SUPPLIED MATERIAL:
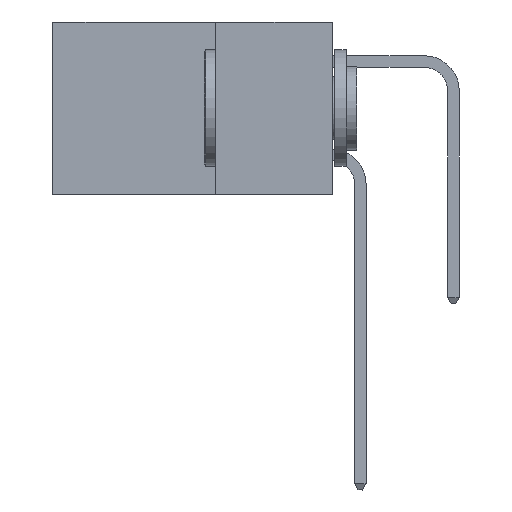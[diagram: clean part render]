
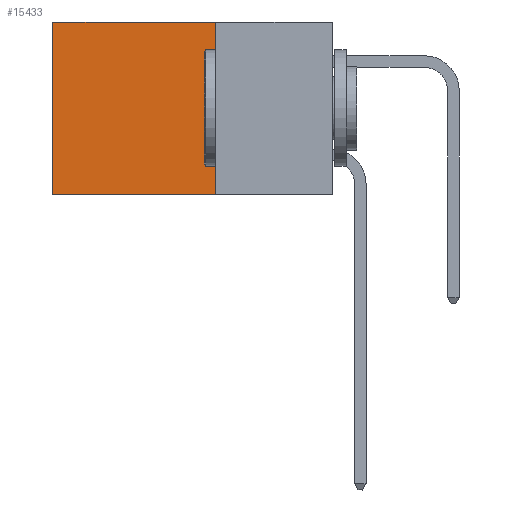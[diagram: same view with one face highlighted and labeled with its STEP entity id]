
A CAD part, left-side view. The second image highlights one B-rep face of the part: STEP entity #15433.
In plain terms, the highlighted planar face has unit normal (-1, 0, 0).
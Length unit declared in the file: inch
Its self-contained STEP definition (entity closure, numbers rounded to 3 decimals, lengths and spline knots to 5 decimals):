
#366 = VERTEX_POINT ( 'NONE', #4087 ) ;
#1461 = CARTESIAN_POINT ( 'NONE',  ( 0.298, 0.6, 0. ) ) ;
#1684 = ORIENTED_EDGE ( 'NONE', *, *, #14730, .F. ) ;
#3109 = EDGE_CURVE ( 'NONE', #366, #15611, #15101, .T. ) ;
#3828 = ORIENTED_EDGE ( 'NONE', *, *, #4922, .F. ) ;
#3950 = DIRECTION ( 'NONE',  ( 0., 0., -1. ) ) ;
#4087 = CARTESIAN_POINT ( 'NONE',  ( 0.298, 0.25, 0. ) ) ;
#4651 = VECTOR ( 'NONE', #3950, 39.37008 ) ;
#4690 = VECTOR ( 'NONE', #10114, 39.37008 ) ;
#4922 = EDGE_CURVE ( 'NONE', #366, #7324, #12525, .T. ) ;
#6617 = CARTESIAN_POINT ( 'NONE',  ( 0.298, 0.6, -0.37 ) ) ;
#6902 = ORIENTED_EDGE ( 'NONE', *, *, #12747, .T. ) ;
#7316 = CARTESIAN_POINT ( 'NONE',  ( 0.298, 0.25, 0. ) ) ;
#7324 = VERTEX_POINT ( 'NONE', #15878 ) ;
#8167 = LINE ( 'NONE', #1461, #15294 ) ;
#8745 = LINE ( 'NONE', #12911, #4690 ) ;
#8754 = DIRECTION ( 'NONE',  ( 0., 0., -1. ) ) ;
#9431 = VERTEX_POINT ( 'NONE', #6617 ) ;
#9880 = DIRECTION ( 'NONE',  ( 0., 0., -1. ) ) ;
#10114 = DIRECTION ( 'NONE',  ( 0., 1., 0. ) ) ;
#10134 = EDGE_LOOP ( 'NONE', ( #6902, #1684, #3828, #17639 ) ) ;
#10905 = VECTOR ( 'NONE', #14756, 39.37008 ) ;
#11574 = PLANE ( 'NONE',  #12884 ) ;
#12525 = LINE ( 'NONE', #16465, #4651 ) ;
#12747 = EDGE_CURVE ( 'NONE', #15611, #9431, #8167, .T. ) ;
#12884 = AXIS2_PLACEMENT_3D ( 'NONE', #7316, #17212, #8754 ) ;
#12911 = CARTESIAN_POINT ( 'NONE',  ( 0.298, 0.25, -0.37 ) ) ;
#14730 = EDGE_CURVE ( 'NONE', #7324, #9431, #8745, .T. ) ;
#14756 = DIRECTION ( 'NONE',  ( 0., 1., 0. ) ) ;
#14789 = CARTESIAN_POINT ( 'NONE',  ( 0.298, 0.6, 0. ) ) ;
#15101 = LINE ( 'NONE', #16349, #10905 ) ;
#15185 = FACE_OUTER_BOUND ( 'NONE', #10134, .T. ) ;
#15294 = VECTOR ( 'NONE', #9880, 39.37008 ) ;
#15433 = ADVANCED_FACE ( 'NONE', ( #15185 ), #11574, .F. ) ;
#15611 = VERTEX_POINT ( 'NONE', #14789 ) ;
#15878 = CARTESIAN_POINT ( 'NONE',  ( 0.298, 0.25, -0.37 ) ) ;
#16349 = CARTESIAN_POINT ( 'NONE',  ( 0.298, 0.25, 0. ) ) ;
#16465 = CARTESIAN_POINT ( 'NONE',  ( 0.298, 0.25, 0. ) ) ;
#17212 = DIRECTION ( 'NONE',  ( 1., 0., 0. ) ) ;
#17639 = ORIENTED_EDGE ( 'NONE', *, *, #3109, .T. ) ;

TASK PROMPT: Return, from the material above, every line with the word "unit".

ANSWER SPACE:
In plain terms, the highlighted planar face has unit normal (-1, 0, 0).
Length unit declared in the file: inch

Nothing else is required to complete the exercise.